EXERCISE: Of the lines listed below, return exactly those that run from the line containing "#124=CARTESIAN_POINT('',(-304.8,71.12,-152.4));" through the line containing "#168=EDGE_CURVE('E175',#159,#167,#165,.F.);", both included.
(PROVIDED ENTRIES)
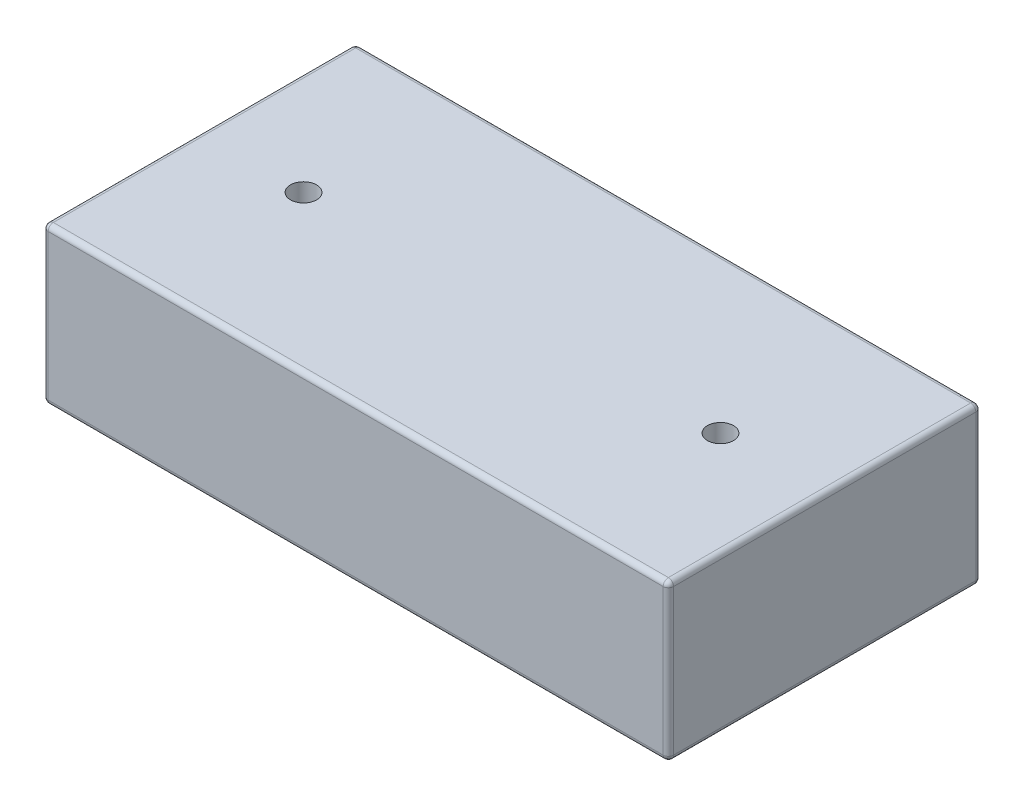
ISO-10303-21;
HEADER;
FILE_DESCRIPTION(('STEP AP214'),'2;1');
FILE_NAME('part.step','',(''),(''),'','','');
FILE_SCHEMA(('AUTOMOTIVE_DESIGN { 1 0 10303 214 1 1 1 1 }'));
ENDSEC;
DATA;
#1=APPLICATION_CONTEXT('core data for automotive mechanical design processes');
#2=APPLICATION_PROTOCOL_DEFINITION('international standard','automotive_design',2000,#1);
#3=PRODUCT_CONTEXT('',#1,'mechanical');
#4=PRODUCT('Part','Part','',(#3));
#5=PRODUCT_RELATED_PRODUCT_CATEGORY('part','',(#4));
#6=PRODUCT_DEFINITION_FORMATION('','',#4);
#7=PRODUCT_DEFINITION_CONTEXT('part definition',#1,'design');
#8=PRODUCT_DEFINITION('design','',#6,#7);
#9=PRODUCT_DEFINITION_SHAPE('','',#8);
#10=(LENGTH_UNIT() NAMED_UNIT(*) SI_UNIT(.MILLI.,.METRE.));
#11=(NAMED_UNIT(*) PLANE_ANGLE_UNIT() SI_UNIT($,.RADIAN.));
#12=(NAMED_UNIT(*) SI_UNIT($,.STERADIAN.) SOLID_ANGLE_UNIT());
#13=UNCERTAINTY_MEASURE_WITH_UNIT(LENGTH_MEASURE(1.E-05),#10,'distance_accuracy_value','');
#14=(GEOMETRIC_REPRESENTATION_CONTEXT(3) GLOBAL_UNCERTAINTY_ASSIGNED_CONTEXT((#13)) GLOBAL_UNIT_ASSIGNED_CONTEXT((#10,
#11,#12)) REPRESENTATION_CONTEXT('',''));
#15=CARTESIAN_POINT('',(0.,0.,0.));
#16=DIRECTION('',(0.,0.,1.));
#17=DIRECTION('',(1.,0.,0.));
#18=AXIS2_PLACEMENT_3D('',#15,#16,#17);
#19=CARTESIAN_POINT('',(304.8,76.2,-152.4));
#20=DIRECTION('',(-1.,0.,0.));
#21=DIRECTION('',(0.,0.,1.));
#22=AXIS2_PLACEMENT_3D('',#19,#20,#21);
#23=PLANE('',#22);
#24=DIRECTION('',(0.,0.,-1.));
#25=VECTOR('',#24,1.);
#26=CARTESIAN_POINT('',(304.8,-71.12,-152.4));
#27=LINE('',#26,#25);
#28=CARTESIAN_POINT('',(304.8,-71.12,147.32));
#29=VERTEX_POINT('',#28);
#30=CARTESIAN_POINT('',(304.8,-71.12,-147.32));
#31=VERTEX_POINT('',#30);
#32=EDGE_CURVE('E197',#29,#31,#27,.T.);
#33=ORIENTED_EDGE('',*,*,#32,.T.);
#34=DIRECTION('',(0.,-1.,0.));
#35=VECTOR('',#34,1.);
#36=CARTESIAN_POINT('',(304.8,76.2,-147.32));
#37=LINE('',#36,#35);
#38=CARTESIAN_POINT('',(304.8,71.12,-147.32));
#39=VERTEX_POINT('',#38);
#40=EDGE_CURVE('E44',#31,#39,#37,.F.);
#41=ORIENTED_EDGE('',*,*,#40,.T.);
#42=DIRECTION('',(0.,0.,-1.));
#43=VECTOR('',#42,1.);
#44=CARTESIAN_POINT('',(304.8,71.12,-152.4));
#45=LINE('',#44,#43);
#46=CARTESIAN_POINT('',(304.8,71.12,147.32));
#47=VERTEX_POINT('',#46);
#48=EDGE_CURVE('E172',#39,#47,#45,.F.);
#49=ORIENTED_EDGE('',*,*,#48,.T.);
#50=DIRECTION('',(0.,-1.,0.));
#51=VECTOR('',#50,1.);
#52=CARTESIAN_POINT('',(304.8,76.2,147.32));
#53=LINE('',#52,#51);
#54=EDGE_CURVE('E240',#47,#29,#53,.T.);
#55=ORIENTED_EDGE('',*,*,#54,.T.);
#56=EDGE_LOOP('',(#33,#41,#49,#55));
#57=FACE_BOUND('',#56,.T.);
#58=ADVANCED_FACE('F37',(#57),#23,.F.);
#59=CARTESIAN_POINT('',(304.8,76.2,-152.4));
#60=DIRECTION('',(0.,0.,1.));
#61=DIRECTION('',(1.,0.,0.));
#62=AXIS2_PLACEMENT_3D('',#59,#60,#61);
#63=PLANE('',#62);
#64=DIRECTION('',(-1.,0.,0.));
#65=VECTOR('',#64,1.);
#66=CARTESIAN_POINT('',(304.8,71.12,-152.4));
#67=LINE('',#66,#65);
#68=CARTESIAN_POINT('',(-299.72,71.12,-152.4));
#69=VERTEX_POINT('',#68);
#70=CARTESIAN_POINT('',(299.72,71.12,-152.4));
#71=VERTEX_POINT('',#70);
#72=EDGE_CURVE('E146',#69,#71,#67,.F.);
#73=ORIENTED_EDGE('',*,*,#72,.T.);
#74=DIRECTION('',(0.,-1.,0.));
#75=VECTOR('',#74,1.);
#76=CARTESIAN_POINT('',(299.72,76.2,-152.4));
#77=LINE('',#76,#75);
#78=CARTESIAN_POINT('',(299.72,-71.12,-152.4));
#79=VERTEX_POINT('',#78);
#80=EDGE_CURVE('E238',#71,#79,#77,.T.);
#81=ORIENTED_EDGE('',*,*,#80,.T.);
#82=DIRECTION('',(-1.,0.,0.));
#83=VECTOR('',#82,1.);
#84=CARTESIAN_POINT('',(-304.8,-71.12,-152.4));
#85=LINE('',#84,#83);
#86=CARTESIAN_POINT('',(-299.72,-71.12,-152.4));
#87=VERTEX_POINT('',#86);
#88=EDGE_CURVE('E147',#79,#87,#85,.T.);
#89=ORIENTED_EDGE('',*,*,#88,.T.);
#90=DIRECTION('',(0.,-1.,0.));
#91=VECTOR('',#90,1.);
#92=CARTESIAN_POINT('',(-299.72,76.2,-152.4));
#93=LINE('',#92,#91);
#94=EDGE_CURVE('E207',#87,#69,#93,.F.);
#95=ORIENTED_EDGE('',*,*,#94,.T.);
#96=EDGE_LOOP('',(#73,#81,#89,#95));
#97=FACE_BOUND('',#96,.T.);
#98=ADVANCED_FACE('F263',(#97),#63,.F.);
#99=CARTESIAN_POINT('',(-304.8,76.2,-152.4));
#100=DIRECTION('',(1.,0.,0.));
#101=DIRECTION('',(0.,0.,-1.));
#102=AXIS2_PLACEMENT_3D('',#99,#100,#101);
#103=PLANE('',#102);
#104=DIRECTION('',(0.,0.,1.));
#105=VECTOR('',#104,1.);
#106=CARTESIAN_POINT('',(-304.8,-71.12,152.4));
#107=LINE('',#106,#105);
#108=CARTESIAN_POINT('',(-304.8,-71.12,-147.32));
#109=VERTEX_POINT('',#108);
#110=CARTESIAN_POINT('',(-304.8,-71.12,147.32));
#111=VERTEX_POINT('',#110);
#112=EDGE_CURVE('E180',#109,#111,#107,.T.);
#113=ORIENTED_EDGE('',*,*,#112,.T.);
#114=DIRECTION('',(0.,-1.,0.));
#115=VECTOR('',#114,1.);
#116=CARTESIAN_POINT('',(-304.8,76.2,147.32));
#117=LINE('',#116,#115);
#118=CARTESIAN_POINT('',(-304.8,71.12,147.32));
#119=VERTEX_POINT('',#118);
#120=EDGE_CURVE('E219',#111,#119,#117,.F.);
#121=ORIENTED_EDGE('',*,*,#120,.T.);
#122=DIRECTION('',(0.,0.,1.));
#123=VECTOR('',#122,1.);
#124=CARTESIAN_POINT('',(-304.8,71.12,-152.4));
#125=LINE('',#124,#123);
#126=CARTESIAN_POINT('',(-304.8,71.12,-147.32));
#127=VERTEX_POINT('',#126);
#128=EDGE_CURVE('E178',#119,#127,#125,.F.);
#129=ORIENTED_EDGE('',*,*,#128,.T.);
#130=DIRECTION('',(0.,-1.,0.));
#131=VECTOR('',#130,1.);
#132=CARTESIAN_POINT('',(-304.8,76.2,-147.32));
#133=LINE('',#132,#131);
#134=EDGE_CURVE('E205',#127,#109,#133,.T.);
#135=ORIENTED_EDGE('',*,*,#134,.T.);
#136=EDGE_LOOP('',(#113,#121,#129,#135));
#137=FACE_BOUND('',#136,.T.);
#138=ADVANCED_FACE('F299',(#137),#103,.F.);
#139=CARTESIAN_POINT('',(304.8,76.2,152.4));
#140=DIRECTION('',(0.,0.,-1.));
#141=DIRECTION('',(-1.,0.,0.));
#142=AXIS2_PLACEMENT_3D('',#139,#140,#141);
#143=PLANE('',#142);
#144=DIRECTION('',(1.,0.,0.));
#145=VECTOR('',#144,1.);
#146=CARTESIAN_POINT('',(304.8,-71.12,152.4));
#147=LINE('',#146,#145);
#148=CARTESIAN_POINT('',(-299.72,-71.12,152.4));
#149=VERTEX_POINT('',#148);
#150=CARTESIAN_POINT('',(299.72,-71.12,152.4));
#151=VERTEX_POINT('',#150);
#152=EDGE_CURVE('E195',#149,#151,#147,.T.);
#153=ORIENTED_EDGE('',*,*,#152,.T.);
#154=DIRECTION('',(0.,-1.,0.));
#155=VECTOR('',#154,1.);
#156=CARTESIAN_POINT('',(299.72,76.2,152.4));
#157=LINE('',#156,#155);
#158=CARTESIAN_POINT('',(299.72,71.12,152.4));
#159=VERTEX_POINT('',#158);
#160=EDGE_CURVE('E11',#151,#159,#157,.F.);
#161=ORIENTED_EDGE('',*,*,#160,.T.);
#162=DIRECTION('',(1.,0.,0.));
#163=VECTOR('',#162,1.);
#164=CARTESIAN_POINT('',(304.8,71.12,152.4));
#165=LINE('',#164,#163);
#166=CARTESIAN_POINT('',(-299.72,71.12,152.4));
#167=VERTEX_POINT('',#166);
#168=EDGE_CURVE('E175',#159,#167,#165,.F.);
#169=ORIENTED_EDGE('',*,*,#168,.T.);
#170=DIRECTION('',(0.,-1.,0.));
#171=VECTOR('',#170,1.);
#172=CARTESIAN_POINT('',(-299.72,76.2,152.4));
#173=LINE('',#172,#171);
#174=EDGE_CURVE('E217',#167,#149,#173,.T.);
#175=ORIENTED_EDGE('',*,*,#174,.T.);
#176=EDGE_LOOP('',(#153,#161,#169,#175));
#177=FACE_BOUND('',#176,.T.);
#178=ADVANCED_FACE('F291',(#177),#143,.F.);
#179=CARTESIAN_POINT('',(304.8,76.2,-152.4));
#180=DIRECTION('',(0.,-1.,0.));
#181=DIRECTION('',(0.,0.,-1.));
#182=AXIS2_PLACEMENT_3D('',#179,#180,#181);
#183=PLANE('',#182);
#184=DIRECTION('',(1.,0.,0.));
#185=VECTOR('',#184,1.);
#186=CARTESIAN_POINT('',(304.8,76.2,147.32));
#187=LINE('',#186,#185);
#188=CARTESIAN_POINT('',(-299.72,76.2,147.32));
#189=VERTEX_POINT('',#188);
#190=CARTESIAN_POINT('',(299.72,76.2,147.32));
#191=VERTEX_POINT('',#190);
#192=EDGE_CURVE('E158',#189,#191,#187,.T.);
#193=ORIENTED_EDGE('',*,*,#192,.T.);
#194=DIRECTION('',(0.,0.,-1.));
#195=VECTOR('',#194,1.);
#196=CARTESIAN_POINT('',(299.72,76.2,-152.4));
#197=LINE('',#196,#195);
#198=CARTESIAN_POINT('',(299.72,76.2,-147.32));
#199=VERTEX_POINT('',#198);
#200=EDGE_CURVE('E157',#191,#199,#197,.T.);
#201=ORIENTED_EDGE('',*,*,#200,.T.);
#202=DIRECTION('',(-1.,0.,0.));
#203=VECTOR('',#202,1.);
#204=CARTESIAN_POINT('',(304.8,76.2,-147.32));
#205=LINE('',#204,#203);
#206=CARTESIAN_POINT('',(-299.72,76.2,-147.32));
#207=VERTEX_POINT('',#206);
#208=EDGE_CURVE('E143',#199,#207,#205,.T.);
#209=ORIENTED_EDGE('',*,*,#208,.T.);
#210=DIRECTION('',(0.,0.,1.));
#211=VECTOR('',#210,1.);
#212=CARTESIAN_POINT('',(-299.72,76.2,-152.4));
#213=LINE('',#212,#211);
#214=EDGE_CURVE('E154',#207,#189,#213,.T.);
#215=ORIENTED_EDGE('',*,*,#214,.T.);
#216=EDGE_LOOP('',(#193,#201,#209,#215));
#217=FACE_BOUND('',#216,.T.);
#218=CARTESIAN_POINT('',(203.2,76.2,0.));
#219=DIRECTION('',(0.,1.,0.));
#220=DIRECTION('',(0.,0.,1.));
#221=AXIS2_PLACEMENT_3D('',#218,#219,#220);
#222=CIRCLE('',#221,12.7);
#223=CARTESIAN_POINT('',(203.2,76.2,12.7));
#224=VERTEX_POINT('',#223);
#225=EDGE_CURVE('E273',#224,#224,#222,.T.);
#226=ORIENTED_EDGE('',*,*,#225,.F.);
#227=EDGE_LOOP('',(#226));
#228=FACE_BOUND('',#227,.T.);
#229=CARTESIAN_POINT('',(-203.2,76.2,0.));
#230=DIRECTION('',(0.,1.,0.));
#231=DIRECTION('',(0.,0.,1.));
#232=AXIS2_PLACEMENT_3D('',#229,#230,#231);
#233=CIRCLE('',#232,12.7);
#234=CARTESIAN_POINT('',(-203.2,76.2,12.7));
#235=VERTEX_POINT('',#234);
#236=EDGE_CURVE('E166',#235,#235,#233,.T.);
#237=ORIENTED_EDGE('',*,*,#236,.F.);
#238=EDGE_LOOP('',(#237));
#239=FACE_BOUND('',#238,.T.);
#240=ADVANCED_FACE('F152',(#217,#228,#239),#183,.F.);
#241=CARTESIAN_POINT('',(304.8,-76.2,-152.4));
#242=DIRECTION('',(0.,-1.,0.));
#243=DIRECTION('',(0.,0.,-1.));
#244=AXIS2_PLACEMENT_3D('',#241,#242,#243);
#245=PLANE('',#244);
#246=DIRECTION('',(1.,0.,0.));
#247=VECTOR('',#246,1.);
#248=CARTESIAN_POINT('',(-304.8,-76.2,147.32));
#249=LINE('',#248,#247);
#250=CARTESIAN_POINT('',(299.72,-76.2,147.32));
#251=VERTEX_POINT('',#250);
#252=CARTESIAN_POINT('',(-299.72,-76.2,147.32));
#253=VERTEX_POINT('',#252);
#254=EDGE_CURVE('E189',#251,#253,#249,.F.);
#255=ORIENTED_EDGE('',*,*,#254,.T.);
#256=DIRECTION('',(0.,0.,1.));
#257=VECTOR('',#256,1.);
#258=CARTESIAN_POINT('',(-299.72,-76.2,-152.4));
#259=LINE('',#258,#257);
#260=CARTESIAN_POINT('',(-299.72,-76.2,-147.32));
#261=VERTEX_POINT('',#260);
#262=EDGE_CURVE('E192',#253,#261,#259,.F.);
#263=ORIENTED_EDGE('',*,*,#262,.T.);
#264=DIRECTION('',(-1.,0.,0.));
#265=VECTOR('',#264,1.);
#266=CARTESIAN_POINT('',(304.8,-76.2,-147.32));
#267=LINE('',#266,#265);
#268=CARTESIAN_POINT('',(299.72,-76.2,-147.32));
#269=VERTEX_POINT('',#268);
#270=EDGE_CURVE('E183',#261,#269,#267,.F.);
#271=ORIENTED_EDGE('',*,*,#270,.T.);
#272=DIRECTION('',(0.,0.,-1.));
#273=VECTOR('',#272,1.);
#274=CARTESIAN_POINT('',(299.72,-76.2,152.4));
#275=LINE('',#274,#273);
#276=EDGE_CURVE('E186',#269,#251,#275,.F.);
#277=ORIENTED_EDGE('',*,*,#276,.T.);
#278=EDGE_LOOP('',(#255,#263,#271,#277));
#279=FACE_BOUND('',#278,.T.);
#280=CARTESIAN_POINT('',(203.2,-76.2,0.));
#281=DIRECTION('',(0.,1.,0.));
#282=DIRECTION('',(0.,0.,1.));
#283=AXIS2_PLACEMENT_3D('',#280,#281,#282);
#284=CIRCLE('',#283,12.7);
#285=CARTESIAN_POINT('',(203.2,-76.2,12.7));
#286=VERTEX_POINT('',#285);
#287=EDGE_CURVE('E282',#286,#286,#284,.T.);
#288=ORIENTED_EDGE('',*,*,#287,.T.);
#289=EDGE_LOOP('',(#288));
#290=FACE_BOUND('',#289,.T.);
#291=CARTESIAN_POINT('',(-203.2,-76.2,0.));
#292=DIRECTION('',(0.,1.,0.));
#293=DIRECTION('',(0.,0.,1.));
#294=AXIS2_PLACEMENT_3D('',#291,#292,#293);
#295=CIRCLE('',#294,12.7);
#296=CARTESIAN_POINT('',(-203.2,-76.2,12.7));
#297=VERTEX_POINT('',#296);
#298=EDGE_CURVE('E163',#297,#297,#295,.T.);
#299=ORIENTED_EDGE('',*,*,#298,.T.);
#300=EDGE_LOOP('',(#299));
#301=FACE_BOUND('',#300,.T.);
#302=ADVANCED_FACE('F290',(#279,#290,#301),#245,.T.);
#303=CARTESIAN_POINT('',(-203.2,-76.2,0.));
#304=DIRECTION('',(0.,1.,0.));
#305=DIRECTION('',(0.,0.,1.));
#306=AXIS2_PLACEMENT_3D('',#303,#304,#305);
#307=CYLINDRICAL_SURFACE('',#306,12.7);
#308=CARTESIAN_POINT('',(-203.2,-76.2,12.7));
#309=CARTESIAN_POINT('',(-203.2,-74.6125,12.7));
#310=CARTESIAN_POINT('',(-203.2,-73.025,12.7));
#311=CARTESIAN_POINT('',(-203.2,-69.85,12.7));
#312=CARTESIAN_POINT('',(-203.2,-68.2625,12.7));
#313=CARTESIAN_POINT('',(-203.2,-65.0875,12.7));
#314=CARTESIAN_POINT('',(-203.2,-63.5,12.7));
#315=CARTESIAN_POINT('',(-203.2,-60.325,12.7));
#316=CARTESIAN_POINT('',(-203.2,-58.7375,12.7));
#317=CARTESIAN_POINT('',(-203.2,-55.5625,12.7));
#318=CARTESIAN_POINT('',(-203.2,-53.975,12.7));
#319=CARTESIAN_POINT('',(-203.2,-50.8,12.7));
#320=CARTESIAN_POINT('',(-203.2,-49.2125,12.7));
#321=CARTESIAN_POINT('',(-203.2,-46.0375,12.7));
#322=CARTESIAN_POINT('',(-203.2,-44.45,12.7));
#323=CARTESIAN_POINT('',(-203.2,-41.275,12.7));
#324=CARTESIAN_POINT('',(-203.2,-39.6875,12.7));
#325=CARTESIAN_POINT('',(-203.2,-36.5125,12.7));
#326=CARTESIAN_POINT('',(-203.2,-34.925,12.7));
#327=CARTESIAN_POINT('',(-203.2,-31.75,12.7));
#328=CARTESIAN_POINT('',(-203.2,-30.1625,12.7));
#329=CARTESIAN_POINT('',(-203.2,-26.9875,12.7));
#330=CARTESIAN_POINT('',(-203.2,-25.4,12.7));
#331=CARTESIAN_POINT('',(-203.2,-22.225,12.7));
#332=CARTESIAN_POINT('',(-203.2,-20.6375,12.7));
#333=CARTESIAN_POINT('',(-203.2,-17.4625,12.7));
#334=CARTESIAN_POINT('',(-203.2,-15.875,12.7));
#335=CARTESIAN_POINT('',(-203.2,-12.7,12.7));
#336=CARTESIAN_POINT('',(-203.2,-11.1125,12.7));
#337=CARTESIAN_POINT('',(-203.2,-7.93750000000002,12.7));
#338=CARTESIAN_POINT('',(-203.2,-6.35000000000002,12.7));
#339=CARTESIAN_POINT('',(-203.2,-3.17500000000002,12.7));
#340=CARTESIAN_POINT('',(-203.2,-1.58750000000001,12.7));
#341=CARTESIAN_POINT('',(-203.2,1.58749999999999,12.7));
#342=CARTESIAN_POINT('',(-203.2,3.17499999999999,12.7));
#343=CARTESIAN_POINT('',(-203.2,6.34999999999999,12.7));
#344=CARTESIAN_POINT('',(-203.2,7.93749999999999,12.7));
#345=CARTESIAN_POINT('',(-203.2,11.1125,12.7));
#346=CARTESIAN_POINT('',(-203.2,12.7,12.7));
#347=CARTESIAN_POINT('',(-203.2,15.875,12.7));
#348=CARTESIAN_POINT('',(-203.2,17.4625,12.7));
#349=CARTESIAN_POINT('',(-203.2,20.6375,12.7));
#350=CARTESIAN_POINT('',(-203.2,22.225,12.7));
#351=CARTESIAN_POINT('',(-203.2,25.4,12.7));
#352=CARTESIAN_POINT('',(-203.2,26.9875,12.7));
#353=CARTESIAN_POINT('',(-203.2,30.1625,12.7));
#354=CARTESIAN_POINT('',(-203.2,31.75,12.7));
#355=CARTESIAN_POINT('',(-203.2,34.925,12.7));
#356=CARTESIAN_POINT('',(-203.2,36.5125,12.7));
#357=CARTESIAN_POINT('',(-203.2,39.6875,12.7));
#358=CARTESIAN_POINT('',(-203.2,41.275,12.7));
#359=CARTESIAN_POINT('',(-203.2,44.45,12.7));
#360=CARTESIAN_POINT('',(-203.2,46.0375,12.7));
#361=CARTESIAN_POINT('',(-203.2,49.2125,12.7));
#362=CARTESIAN_POINT('',(-203.2,50.8,12.7));
#363=CARTESIAN_POINT('',(-203.2,53.975,12.7));
#364=CARTESIAN_POINT('',(-203.2,55.5625,12.7));
#365=CARTESIAN_POINT('',(-203.2,58.7375,12.7));
#366=CARTESIAN_POINT('',(-203.2,60.325,12.7));
#367=CARTESIAN_POINT('',(-203.2,63.5,12.7));
#368=CARTESIAN_POINT('',(-203.2,65.0875,12.7));
#369=CARTESIAN_POINT('',(-203.2,68.2625,12.7));
#370=CARTESIAN_POINT('',(-203.2,69.85,12.7));
#371=CARTESIAN_POINT('',(-203.2,73.025,12.7));
#372=CARTESIAN_POINT('',(-203.2,74.6125,12.7));
#373=CARTESIAN_POINT('',(-203.2,76.2,12.7));
#374=B_SPLINE_CURVE_WITH_KNOTS('',3,(#308,#309,#310,#311,#312,#313,#314,#315,#316,#317,#318,
#319,#320,#321,#322,#323,#324,#325,#326,#327,#328,#329,#330,#331,#332,#333,#334,#335,#336,#337,
#338,#339,#340,#341,#342,#343,#344,#345,#346,#347,#348,#349,#350,#351,#352,#353,#354,#355,#356,
#357,#358,#359,#360,#361,#362,#363,#364,#365,#366,#367,#368,#369,#370,#371,#372,#373),
.UNSPECIFIED.,.F.,.F.,(4,2,2,2,2,2,2,2,2,2,2,2,2,2,2,2,2,2,2,2,2,2,2,2,2,2,2,2,2,2,2,2,4),(0.,
4.7625,9.52500000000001,14.2875,19.05,23.8125,28.575,33.3375,38.1,42.8625,47.625,52.3875,57.15,
61.9125,66.675,71.4375,76.2,80.9625,85.725,90.4875,95.25,100.0125,104.775,109.5375,114.3,
119.0625,123.825,128.5875,133.35,138.1125,142.875,147.6375,152.4),.UNSPECIFIED.);
#375=EDGE_CURVE('BSEAM287',#297,#235,#374,.T.);
#376=ORIENTED_EDGE('',*,*,#298,.F.);
#377=ORIENTED_EDGE('',*,*,#236,.T.);
#378=ORIENTED_EDGE('',*,*,#375,.T.);
#379=ORIENTED_EDGE('',*,*,#375,.F.);
#380=EDGE_LOOP('',(#376,#378,#377,#379));
#381=FACE_BOUND('',#380,.T.);
#382=ADVANCED_FACE('F287',(#381),#307,.F.);
#383=CARTESIAN_POINT('',(203.2,-76.2,0.));
#384=DIRECTION('',(0.,1.,0.));
#385=DIRECTION('',(0.,0.,1.));
#386=AXIS2_PLACEMENT_3D('',#383,#384,#385);
#387=CYLINDRICAL_SURFACE('',#386,12.7);
#388=CARTESIAN_POINT('',(203.2,-76.2,12.7));
#389=CARTESIAN_POINT('',(203.2,-74.6125,12.7));
#390=CARTESIAN_POINT('',(203.2,-73.025,12.7));
#391=CARTESIAN_POINT('',(203.2,-69.85,12.7));
#392=CARTESIAN_POINT('',(203.2,-68.2625,12.7));
#393=CARTESIAN_POINT('',(203.2,-65.0875,12.7));
#394=CARTESIAN_POINT('',(203.2,-63.5,12.7));
#395=CARTESIAN_POINT('',(203.2,-60.325,12.7));
#396=CARTESIAN_POINT('',(203.2,-58.7375,12.7));
#397=CARTESIAN_POINT('',(203.2,-55.5625,12.7));
#398=CARTESIAN_POINT('',(203.2,-53.975,12.7));
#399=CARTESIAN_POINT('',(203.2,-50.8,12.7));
(End PROVIDED ENTRIES)
TASK ANSWER:
#124=CARTESIAN_POINT('',(-304.8,71.12,-152.4));
#125=LINE('',#124,#123);
#126=CARTESIAN_POINT('',(-304.8,71.12,-147.32));
#127=VERTEX_POINT('',#126);
#128=EDGE_CURVE('E178',#119,#127,#125,.F.);
#129=ORIENTED_EDGE('',*,*,#128,.T.);
#130=DIRECTION('',(0.,-1.,0.));
#131=VECTOR('',#130,1.);
#132=CARTESIAN_POINT('',(-304.8,76.2,-147.32));
#133=LINE('',#132,#131);
#134=EDGE_CURVE('E205',#127,#109,#133,.T.);
#135=ORIENTED_EDGE('',*,*,#134,.T.);
#136=EDGE_LOOP('',(#113,#121,#129,#135));
#137=FACE_BOUND('',#136,.T.);
#138=ADVANCED_FACE('F299',(#137),#103,.F.);
#139=CARTESIAN_POINT('',(304.8,76.2,152.4));
#140=DIRECTION('',(0.,0.,-1.));
#141=DIRECTION('',(-1.,0.,0.));
#142=AXIS2_PLACEMENT_3D('',#139,#140,#141);
#143=PLANE('',#142);
#144=DIRECTION('',(1.,0.,0.));
#145=VECTOR('',#144,1.);
#146=CARTESIAN_POINT('',(304.8,-71.12,152.4));
#147=LINE('',#146,#145);
#148=CARTESIAN_POINT('',(-299.72,-71.12,152.4));
#149=VERTEX_POINT('',#148);
#150=CARTESIAN_POINT('',(299.72,-71.12,152.4));
#151=VERTEX_POINT('',#150);
#152=EDGE_CURVE('E195',#149,#151,#147,.T.);
#153=ORIENTED_EDGE('',*,*,#152,.T.);
#154=DIRECTION('',(0.,-1.,0.));
#155=VECTOR('',#154,1.);
#156=CARTESIAN_POINT('',(299.72,76.2,152.4));
#157=LINE('',#156,#155);
#158=CARTESIAN_POINT('',(299.72,71.12,152.4));
#159=VERTEX_POINT('',#158);
#160=EDGE_CURVE('E11',#151,#159,#157,.F.);
#161=ORIENTED_EDGE('',*,*,#160,.T.);
#162=DIRECTION('',(1.,0.,0.));
#163=VECTOR('',#162,1.);
#164=CARTESIAN_POINT('',(304.8,71.12,152.4));
#165=LINE('',#164,#163);
#166=CARTESIAN_POINT('',(-299.72,71.12,152.4));
#167=VERTEX_POINT('',#166);
#168=EDGE_CURVE('E175',#159,#167,#165,.F.);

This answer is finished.